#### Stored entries
########################################
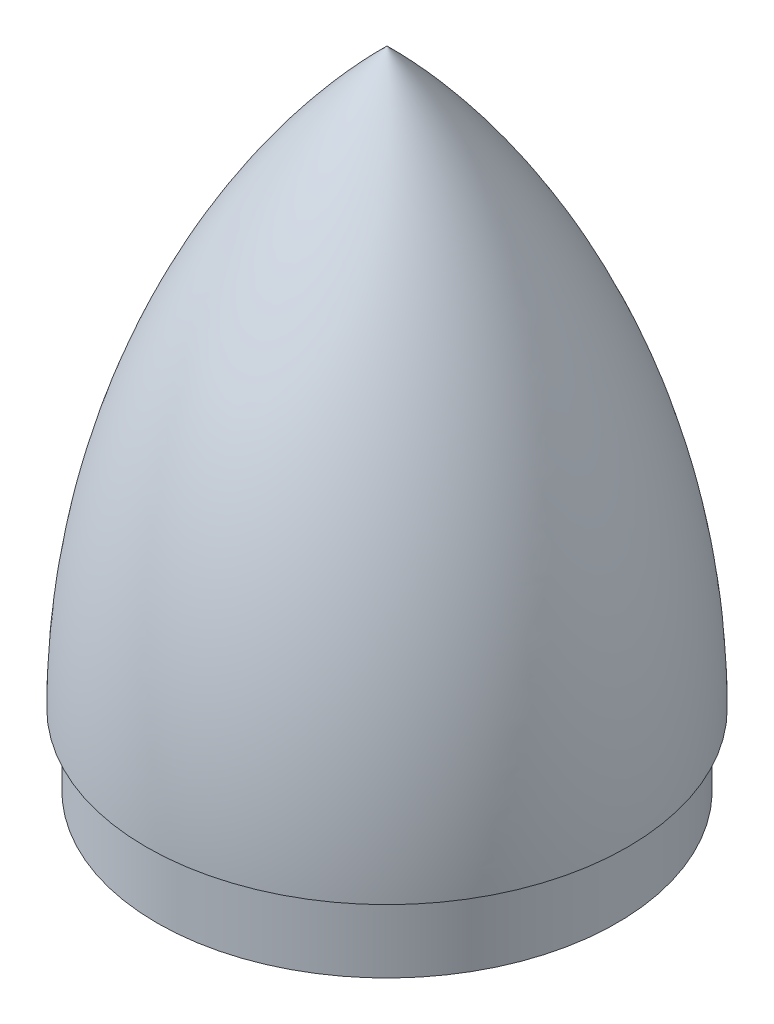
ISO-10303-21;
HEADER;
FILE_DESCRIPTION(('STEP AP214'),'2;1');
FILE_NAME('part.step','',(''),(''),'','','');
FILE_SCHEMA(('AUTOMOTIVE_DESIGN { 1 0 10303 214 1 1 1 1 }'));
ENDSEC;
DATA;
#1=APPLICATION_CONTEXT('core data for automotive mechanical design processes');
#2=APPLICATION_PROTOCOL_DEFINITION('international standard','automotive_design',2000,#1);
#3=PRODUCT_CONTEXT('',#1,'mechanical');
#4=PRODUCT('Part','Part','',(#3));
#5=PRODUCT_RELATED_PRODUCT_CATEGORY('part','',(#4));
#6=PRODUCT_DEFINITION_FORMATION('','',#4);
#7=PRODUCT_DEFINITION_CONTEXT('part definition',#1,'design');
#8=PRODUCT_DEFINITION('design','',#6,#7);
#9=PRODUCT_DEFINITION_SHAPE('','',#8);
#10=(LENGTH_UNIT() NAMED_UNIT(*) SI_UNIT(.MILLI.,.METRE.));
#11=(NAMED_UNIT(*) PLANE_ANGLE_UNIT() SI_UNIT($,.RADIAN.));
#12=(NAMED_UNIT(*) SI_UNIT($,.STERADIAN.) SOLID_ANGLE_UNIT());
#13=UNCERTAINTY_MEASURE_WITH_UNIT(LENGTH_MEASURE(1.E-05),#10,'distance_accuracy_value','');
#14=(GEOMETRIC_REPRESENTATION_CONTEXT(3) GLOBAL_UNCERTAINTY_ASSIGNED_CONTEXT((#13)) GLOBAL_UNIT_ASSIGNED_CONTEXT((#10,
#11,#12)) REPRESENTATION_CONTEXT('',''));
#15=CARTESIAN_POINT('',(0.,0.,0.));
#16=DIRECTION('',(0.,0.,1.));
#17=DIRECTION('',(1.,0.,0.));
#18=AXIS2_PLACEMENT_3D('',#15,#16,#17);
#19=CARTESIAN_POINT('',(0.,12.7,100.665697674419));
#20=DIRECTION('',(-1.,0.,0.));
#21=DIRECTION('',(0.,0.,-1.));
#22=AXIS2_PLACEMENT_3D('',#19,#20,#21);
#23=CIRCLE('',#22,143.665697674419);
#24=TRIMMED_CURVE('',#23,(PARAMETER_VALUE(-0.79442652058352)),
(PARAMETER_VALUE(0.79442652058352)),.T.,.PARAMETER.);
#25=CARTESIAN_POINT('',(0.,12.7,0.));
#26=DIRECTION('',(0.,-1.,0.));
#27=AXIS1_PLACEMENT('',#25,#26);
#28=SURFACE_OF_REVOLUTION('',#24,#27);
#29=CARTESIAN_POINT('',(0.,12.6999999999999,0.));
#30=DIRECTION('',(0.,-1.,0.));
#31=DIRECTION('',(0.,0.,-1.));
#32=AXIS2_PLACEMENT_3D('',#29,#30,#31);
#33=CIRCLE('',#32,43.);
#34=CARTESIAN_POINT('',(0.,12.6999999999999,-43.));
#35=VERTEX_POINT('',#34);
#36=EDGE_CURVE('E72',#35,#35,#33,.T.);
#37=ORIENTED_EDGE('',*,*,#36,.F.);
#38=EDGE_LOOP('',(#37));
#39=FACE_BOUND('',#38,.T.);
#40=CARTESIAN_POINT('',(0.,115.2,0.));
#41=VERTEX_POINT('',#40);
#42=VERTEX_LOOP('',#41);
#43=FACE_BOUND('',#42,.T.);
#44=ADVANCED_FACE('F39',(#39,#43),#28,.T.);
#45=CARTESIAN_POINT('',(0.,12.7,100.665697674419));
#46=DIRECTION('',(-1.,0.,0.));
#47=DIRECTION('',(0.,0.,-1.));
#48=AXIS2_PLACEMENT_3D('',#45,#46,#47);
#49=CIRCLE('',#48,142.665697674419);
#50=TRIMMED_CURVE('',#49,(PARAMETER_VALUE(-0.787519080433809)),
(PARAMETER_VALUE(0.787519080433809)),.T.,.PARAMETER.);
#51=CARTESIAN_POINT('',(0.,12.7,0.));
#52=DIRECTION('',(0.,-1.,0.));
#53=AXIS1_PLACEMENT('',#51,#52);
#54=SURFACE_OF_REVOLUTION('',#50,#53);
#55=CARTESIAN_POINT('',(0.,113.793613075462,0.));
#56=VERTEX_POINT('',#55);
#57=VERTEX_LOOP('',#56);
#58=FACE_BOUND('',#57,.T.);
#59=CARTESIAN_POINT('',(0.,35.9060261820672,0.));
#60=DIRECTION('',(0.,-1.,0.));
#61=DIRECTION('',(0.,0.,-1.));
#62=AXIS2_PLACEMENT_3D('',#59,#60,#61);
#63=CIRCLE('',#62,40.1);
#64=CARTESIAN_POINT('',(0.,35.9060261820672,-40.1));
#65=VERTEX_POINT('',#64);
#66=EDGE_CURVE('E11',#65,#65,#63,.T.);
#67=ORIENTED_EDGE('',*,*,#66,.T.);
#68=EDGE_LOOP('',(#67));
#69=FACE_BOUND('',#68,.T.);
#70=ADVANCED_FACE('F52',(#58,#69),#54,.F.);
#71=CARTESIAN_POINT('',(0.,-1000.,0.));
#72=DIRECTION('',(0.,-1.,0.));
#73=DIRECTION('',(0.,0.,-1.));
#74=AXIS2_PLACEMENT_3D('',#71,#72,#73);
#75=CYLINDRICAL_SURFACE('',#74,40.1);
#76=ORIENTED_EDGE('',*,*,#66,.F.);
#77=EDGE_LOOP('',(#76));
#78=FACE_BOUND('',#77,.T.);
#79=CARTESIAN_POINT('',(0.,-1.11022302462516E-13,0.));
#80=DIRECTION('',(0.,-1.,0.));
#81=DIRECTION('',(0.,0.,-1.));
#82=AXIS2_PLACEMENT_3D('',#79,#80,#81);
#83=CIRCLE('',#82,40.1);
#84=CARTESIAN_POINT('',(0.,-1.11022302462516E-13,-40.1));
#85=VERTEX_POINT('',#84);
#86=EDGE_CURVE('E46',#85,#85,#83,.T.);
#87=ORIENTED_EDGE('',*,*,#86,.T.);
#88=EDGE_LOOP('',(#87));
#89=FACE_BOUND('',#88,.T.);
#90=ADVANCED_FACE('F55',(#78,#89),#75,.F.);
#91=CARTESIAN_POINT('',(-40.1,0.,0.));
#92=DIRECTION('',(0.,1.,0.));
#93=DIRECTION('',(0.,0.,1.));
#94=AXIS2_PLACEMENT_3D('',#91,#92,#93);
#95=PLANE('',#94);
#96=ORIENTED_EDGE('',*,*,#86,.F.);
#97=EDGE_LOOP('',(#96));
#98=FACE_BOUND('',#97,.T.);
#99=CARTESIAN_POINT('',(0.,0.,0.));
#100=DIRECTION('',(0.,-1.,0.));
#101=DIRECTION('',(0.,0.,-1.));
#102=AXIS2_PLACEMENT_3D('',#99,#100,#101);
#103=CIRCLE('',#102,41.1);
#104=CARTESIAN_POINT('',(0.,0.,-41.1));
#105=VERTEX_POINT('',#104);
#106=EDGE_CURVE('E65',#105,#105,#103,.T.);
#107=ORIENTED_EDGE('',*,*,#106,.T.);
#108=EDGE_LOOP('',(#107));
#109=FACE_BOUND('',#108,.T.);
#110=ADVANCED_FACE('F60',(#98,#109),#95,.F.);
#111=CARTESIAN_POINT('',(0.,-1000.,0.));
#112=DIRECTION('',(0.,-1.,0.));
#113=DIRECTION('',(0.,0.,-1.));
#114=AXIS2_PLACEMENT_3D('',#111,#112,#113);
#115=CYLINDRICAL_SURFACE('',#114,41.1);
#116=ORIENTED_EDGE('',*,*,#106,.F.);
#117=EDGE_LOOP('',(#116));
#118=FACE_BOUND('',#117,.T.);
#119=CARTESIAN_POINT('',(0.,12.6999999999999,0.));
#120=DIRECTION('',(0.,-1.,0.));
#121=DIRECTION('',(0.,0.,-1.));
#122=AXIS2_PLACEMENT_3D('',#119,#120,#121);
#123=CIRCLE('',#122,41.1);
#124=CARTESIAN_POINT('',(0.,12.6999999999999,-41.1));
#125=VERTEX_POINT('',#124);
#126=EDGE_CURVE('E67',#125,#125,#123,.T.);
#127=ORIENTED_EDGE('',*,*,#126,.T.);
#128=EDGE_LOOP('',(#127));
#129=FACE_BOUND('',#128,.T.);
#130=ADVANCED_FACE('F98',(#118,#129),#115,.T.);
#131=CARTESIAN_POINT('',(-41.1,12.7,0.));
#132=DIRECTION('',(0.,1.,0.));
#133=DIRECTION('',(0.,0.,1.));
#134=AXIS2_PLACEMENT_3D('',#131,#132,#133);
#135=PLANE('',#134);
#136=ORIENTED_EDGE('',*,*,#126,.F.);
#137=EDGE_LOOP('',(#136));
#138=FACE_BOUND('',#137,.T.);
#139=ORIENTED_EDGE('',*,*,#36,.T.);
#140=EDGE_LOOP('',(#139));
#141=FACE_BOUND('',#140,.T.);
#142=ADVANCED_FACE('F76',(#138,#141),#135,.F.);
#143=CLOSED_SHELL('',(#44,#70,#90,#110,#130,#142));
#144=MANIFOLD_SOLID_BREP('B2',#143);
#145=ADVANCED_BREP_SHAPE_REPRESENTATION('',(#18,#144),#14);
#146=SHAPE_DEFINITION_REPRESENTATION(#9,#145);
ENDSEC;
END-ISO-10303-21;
########################################
#### Work to complete
From the records above, give again exactly the lines running from the line with "#64=CARTESIAN_POINT('',(0.,35.9060261820672,-40.1));" to the line with "#115=CYLINDRICAL_SURFACE('',#114,41.1);", inclusive.

#### Task response
#64=CARTESIAN_POINT('',(0.,35.9060261820672,-40.1));
#65=VERTEX_POINT('',#64);
#66=EDGE_CURVE('E11',#65,#65,#63,.T.);
#67=ORIENTED_EDGE('',*,*,#66,.T.);
#68=EDGE_LOOP('',(#67));
#69=FACE_BOUND('',#68,.T.);
#70=ADVANCED_FACE('F52',(#58,#69),#54,.F.);
#71=CARTESIAN_POINT('',(0.,-1000.,0.));
#72=DIRECTION('',(0.,-1.,0.));
#73=DIRECTION('',(0.,0.,-1.));
#74=AXIS2_PLACEMENT_3D('',#71,#72,#73);
#75=CYLINDRICAL_SURFACE('',#74,40.1);
#76=ORIENTED_EDGE('',*,*,#66,.F.);
#77=EDGE_LOOP('',(#76));
#78=FACE_BOUND('',#77,.T.);
#79=CARTESIAN_POINT('',(0.,-1.11022302462516E-13,0.));
#80=DIRECTION('',(0.,-1.,0.));
#81=DIRECTION('',(0.,0.,-1.));
#82=AXIS2_PLACEMENT_3D('',#79,#80,#81);
#83=CIRCLE('',#82,40.1);
#84=CARTESIAN_POINT('',(0.,-1.11022302462516E-13,-40.1));
#85=VERTEX_POINT('',#84);
#86=EDGE_CURVE('E46',#85,#85,#83,.T.);
#87=ORIENTED_EDGE('',*,*,#86,.T.);
#88=EDGE_LOOP('',(#87));
#89=FACE_BOUND('',#88,.T.);
#90=ADVANCED_FACE('F55',(#78,#89),#75,.F.);
#91=CARTESIAN_POINT('',(-40.1,0.,0.));
#92=DIRECTION('',(0.,1.,0.));
#93=DIRECTION('',(0.,0.,1.));
#94=AXIS2_PLACEMENT_3D('',#91,#92,#93);
#95=PLANE('',#94);
#96=ORIENTED_EDGE('',*,*,#86,.F.);
#97=EDGE_LOOP('',(#96));
#98=FACE_BOUND('',#97,.T.);
#99=CARTESIAN_POINT('',(0.,0.,0.));
#100=DIRECTION('',(0.,-1.,0.));
#101=DIRECTION('',(0.,0.,-1.));
#102=AXIS2_PLACEMENT_3D('',#99,#100,#101);
#103=CIRCLE('',#102,41.1);
#104=CARTESIAN_POINT('',(0.,0.,-41.1));
#105=VERTEX_POINT('',#104);
#106=EDGE_CURVE('E65',#105,#105,#103,.T.);
#107=ORIENTED_EDGE('',*,*,#106,.T.);
#108=EDGE_LOOP('',(#107));
#109=FACE_BOUND('',#108,.T.);
#110=ADVANCED_FACE('F60',(#98,#109),#95,.F.);
#111=CARTESIAN_POINT('',(0.,-1000.,0.));
#112=DIRECTION('',(0.,-1.,0.));
#113=DIRECTION('',(0.,0.,-1.));
#114=AXIS2_PLACEMENT_3D('',#111,#112,#113);
#115=CYLINDRICAL_SURFACE('',#114,41.1);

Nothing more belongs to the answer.